Data entries:
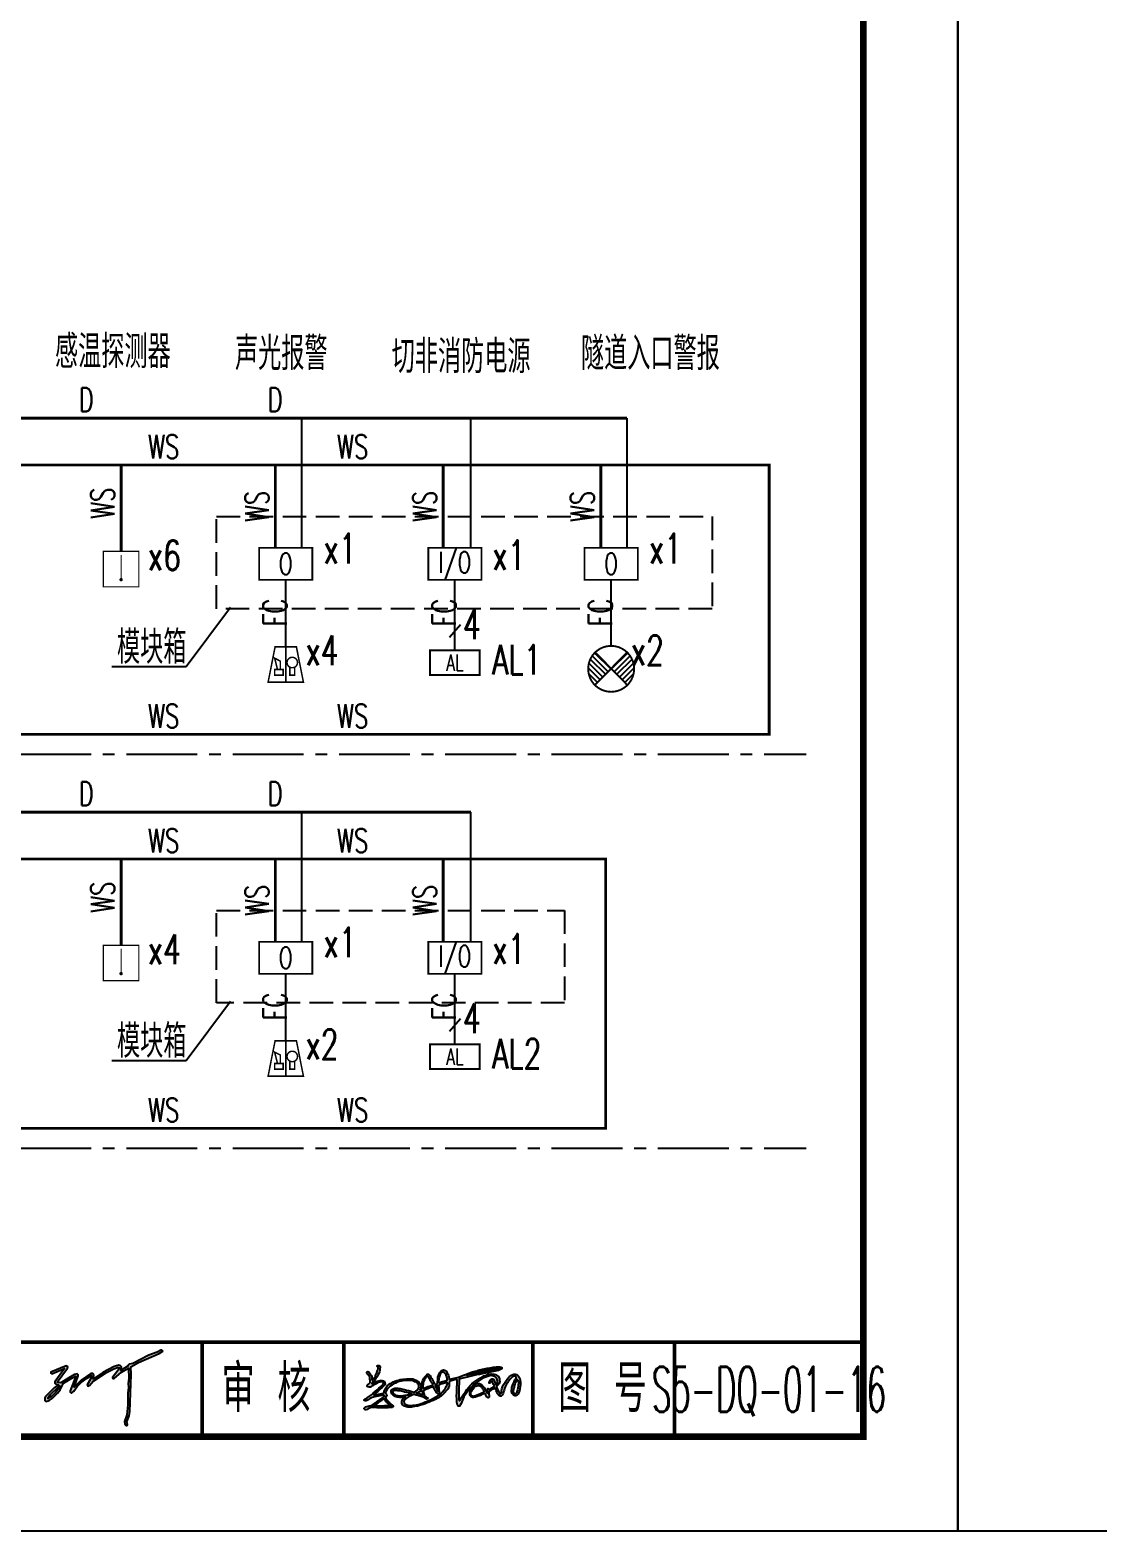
# Model space of a CAD drawing. Header units: millimetres. Extents: x 210068 to 672068, y -299976 to -107099.
# Drawn here: x 578246 to 589551, y -294192 to -278297 of the extents above; entities that cross this region are included whole.
import ezdxf
from ezdxf.enums import TextEntityAlignment as Align

# ---------------------------------------------------------------- set-up
doc = ezdxf.new("R2010")
doc.units = ezdxf.units.MM
doc.header["$LTSCALE"] = 1000
doc.header["$MEASUREMENT"] = 0
doc.linetypes.add('CENTER2', pattern=[1.125, 0.75, -0.125, 0.125, -0.125])
doc.linetypes.add('DASH', pattern=[0.35, 0.25, -0.1])
for name, color, linetype in [('E-SYST-DIM', 3, 'Continuous'), ('E-TEXT-PLAN', 7, 'Continuous'), ('T-CABL-D', 7, 'Continuous'), ('T-CABL-WS', 7, 'Continuous'), ('T-EQUP', 7, 'Continuous'), ('T-EQUP-FIRE', 7, 'Continuous'), ('T-EQUPXF', 7, 'Continuous'), ('TEL_TEXT', 7, 'Continuous')]:
    doc.layers.add(name, color=color, linetype=linetype)
doc.styles.add('IDQSTYLE', font='simplex1.shx', dxfattribs={"width": 0.7, "bigfont": 'hztxt.shx'})
doc.styles.get("Standard").update_dxf_attribs({"font": 'simplex1.shx', "width": 0.7, "bigfont": 'HZTXT.shx'})

# ---------------------------------------------------------------- blocks, each defined once
blk = doc.blocks.new('HC001891282055')
at = {"layer": 'T-EQUP-FIRE', "color": 0, "const_width": 0.2}
blk.add_lwpolyline([(-3.125, 1.875), (3.125, 1.875), (3.125, -1.875), (-3.125, -1.875)], close=True, dxfattribs=at)
at = {"color": 0, "width": 0.7}
blk.add_attdef('PSFHATT', (5.125, -1.875), '', height=2.5, dxfattribs=at)
at = {"layer": 'T-EQUP-FIRE', "color": 0, "style": 'IDQSTYLE', "width": 0.8}
blk.add_attdef('O', text='', height=2.5, dxfattribs=at).set_placement((0, 0), align=Align.MIDDLE)
blk = doc.blocks.new('HC001898386115')
at = {"layer": 'T-EQUP-FIRE', "color": 0, "const_width": 0.2}
blk.add_lwpolyline([(-1.41, 2.34), (1.41, 2.34), (2.34, -2.34), (-2.34, -2.34)], close=True, dxfattribs=at)
for points in [[(0, 2.34), (0, -2.34)], [(-1.09, -0.66), (-1.47, 0.84), (-0.72, 0.46), (-0.72, -0.66)], [(-1.47, -1.41), (-1.47, -0.66), (-0.34, -0.66), (-0.34, -1.41), (-1.47, -1.41)], [(0.55, -0.29), (0.55, -1.41), (1.18, -1.41), (1.18, -0.29)]]:
    blk.add_lwpolyline(points, dxfattribs=at)
blk.add_lwpolyline([(1.35, -0.22, 0.198912), (1.55, 0.27, 0.198912), (1.35, 0.76, 0.198912), (0.86, 0.96, 0.198912), (0.37, 0.76, 0.198912), (0.17, 0.27, 0.198912), (0.37, -0.22, 0.198912), (0.86, -0.42, 0.198912)], format="xyb", close=True, dxfattribs=at)
at = {"color": 0, "width": 0.7}
blk.add_attdef('PSFHATT', (4.34, -2.34), '', height=2.5, dxfattribs=at)
blk = doc.blocks.new('HC001872209592')
at = {"layer": 'T-EQUP-FIRE', "color": 0, "const_width": 0.2}
blk.add_lwpolyline([(-3.125, 3.125), (3.125, 3.125), (3.125, -3.125), (-3.125, -3.125)], close=True, dxfattribs=at)
blk.add_lwpolyline([(0, 2.5), (0, -1.875)], dxfattribs=at)
at = {"layer": 'T-EQUP-FIRE', "color": 0, "const_width": 0.3}
blk.add_lwpolyline([(-0.15, -1.875, 1), (0.15, -1.875, 1)], format="xyb", close=True, dxfattribs=at)
at = {"color": 0, "width": 0.7}
blk.add_attdef('PSFHATT', (5.125, -3.125), '', height=2.5, dxfattribs=at)
blk = doc.blocks.new('HC001814384809')
at = {"layer": 'E-TEXT-PLAN', "color": 0, "const_width": 0.3}
blk.add_lwpolyline([(3.75, 1.875), (-3.75, 1.875), (-3.75, -1.875), (3.75, -1.875)], close=True, dxfattribs=at)
at = {"color": 0, "width": 0.7}
blk.add_attdef('PSFHATT', (5.75, -1.875), '', height=2.5, dxfattribs=at)
at = {"layer": 'E-TEXT-PLAN', "color": 0, "style": 'IDQSTYLE', "width": 0.7}
blk.add_text('AL', height=2.5, dxfattribs=at).set_placement((0, 0), align=Align.MIDDLE)
blk = doc.blocks.new('HC001889241893')
at = {"layer": 'T-EQUP-FIRE', "color": 0, "const_width": 0.2}
blk.add_lwpolyline([(-3.125, 1.875), (3.125, 1.875), (3.125, -1.875), (-3.125, -1.875)], close=True, dxfattribs=at)
at = {"color": 0, "width": 0.7}
blk.add_attdef('PSFHATT', (5.125, -1.875), '', height=2.5, dxfattribs=at)
at = {"layer": 'T-EQUP-FIRE', "color": 0, "style": 'IDQSTYLE', "width": 0.8}
blk.add_attdef('I/O', text='', height=2.5, dxfattribs=at).set_placement((0, 0), align=Align.MIDDLE)
blk = doc.blocks.new('series')
at = {"width": 0.75}
for tag, height, p in [('页码', 4, (-35, -19)), ('图名', 5, (-220, -282)), ('图号', 5, (-20, -282))]:
    blk.add_attdef(tag, text='', height=height, dxfattribs=at).set_placement(p, align=Align.MIDDLE_CENTER)
blk = doc.blocks.new('HC001937470254')
at = {"color": 0, "linetype": 'Continuous'}
for p, q in [((-1.72, 1.64), (-0.04, -0.04)), ((1.72, 1.64), (0.04, -0.04)), ((-2.39, 0.05), (-1.16, -1.18)), ((-2.32, 0.55), (-0.88, -0.9)), ((-2.18, 0.97), (-0.6, -0.61)), ((-1.98, 1.33), (-0.32, -0.33)), ((1.98, 1.33), (0.32, -0.33)), ((2.18, 0.97), (0.6, -0.61)), ((2.32, 0.55), (0.88, -0.9)), ((2.39, 0.05), (1.16, -1.18)), ((-2.33, -0.58), (-1.44, -1.47)), ((2.33, -0.58), (1.44, -1.47))]:
    blk.add_line(p, q, dxfattribs=at)
at = {"layer": 'T-EQUP-FIRE', "color": 0, "const_width": 0.2}
blk.add_lwpolyline([(0, 2.4, 1), (0, -2.46, 1)], format="xyb", close=True, dxfattribs=at)
for points in [[(1.69, 1.72), (-1.72, -1.75)], [(-1.69, 1.72), (1.72, -1.75)]]:
    blk.add_lwpolyline(points, dxfattribs=at)
at = {"color": 0, "width": 0.7}
blk.add_attdef('PSFHATT', (4.43, -2.46), '', height=2.5, dxfattribs=at)

msp = doc.modelspace()

# ---------------------------------------------------------------- hatches: boundary and pattern name
at = {"linetype": 'Continuous'}
h = msp.add_hatch(color=256, dxfattribs=at)
h.paths.add_polyline_path([(578555, -292658.5), (578562.2, -292654.9), (578555, -292676.5), (578515.4, -292726.9), (578472.2, -292766.5), (578436.2, -292788.1), (578457.8, -292748.5)], flags=17)
h.paths.add_polyline_path([(579645.8, -292280.5), (579642.2, -292276.9), (579631.4, -292276.9), (579591.8, -292298.5), (579505.4, -292330.9), (579332.6, -292417.3), (579296.6, -292424.5), (579285.8, -292435.3), (579285.8, -292442.5), (579206.6, -292492.9), (579213.8, -292453.3), (579199.4, -292438.9), (579185, -292435.3), (579138.2, -292449.7), (579015.8, -292514.5), (578918.6, -292579.3), (578911.4, -292579.3), (578922.2, -292550.5), (578918.6, -292532.5), (578911.4, -292525.3), (578889.8, -292525.3), (578789, -292593.7), (578713.4, -292669.3), (578756.6, -292550.5), (578756.6, -292539.7), (578745.8, -292528.9), (578717, -292536.1), (578655.8, -292568.5), (578573, -292622.5), (578533.4, -292615.3), (578641.4, -292467.7), (578645, -292453.3), (578627, -292442.5), (578465, -292510.9), (578465, -292521.7), (578475.8, -292528.9), (578612.6, -292471.3), (578508.2, -292611.7), (578508.2, -292626.1), (578515.4, -292633.3), (578547.8, -292640.5), (578501, -292676.5), (578411, -292766.5), (578403.8, -292780.9), (578403.8, -292809.7), (578414.6, -292820.5), (578447, -292809.7), (578483, -292784.5), (578537, -292734.1), (578565.8, -292698.1), (578601.8, -292626.1), (578688.2, -292572.1), (578731.4, -292554.1), (578670.2, -292708.9), (578670.2, -292723.3), (578684.6, -292734.1), (578709.8, -292712.5), (578745.8, -292662.1), (578789, -292618.9), (578850.2, -292572.1), (578897, -292546.9), (578886.2, -292582.9), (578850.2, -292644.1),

### ACTION ITEM
The expected answer is every line above in which the word "PLAN" appears.

### EXERCISE RESULT
for name, color, linetype in [('E-SYST-DIM', 3, 'Continuous'), ('E-TEXT-PLAN', 7, 'Continuous'), ('T-CABL-D', 7, 'Continuous'), ('T-CABL-WS', 7, 'Continuous'), ('T-EQUP', 7, 'Continuous'), ('T-EQUP-FIRE', 7, 'Continuous'), ('T-EQUPXF', 7, 'Continuous'), ('TEL_TEXT', 7, 'Continuous')]:
at = {"layer": 'E-TEXT-PLAN', "color": 0, "const_width": 0.3}
at = {"layer": 'E-TEXT-PLAN', "color": 0, "style": 'IDQSTYLE', "width": 0.7}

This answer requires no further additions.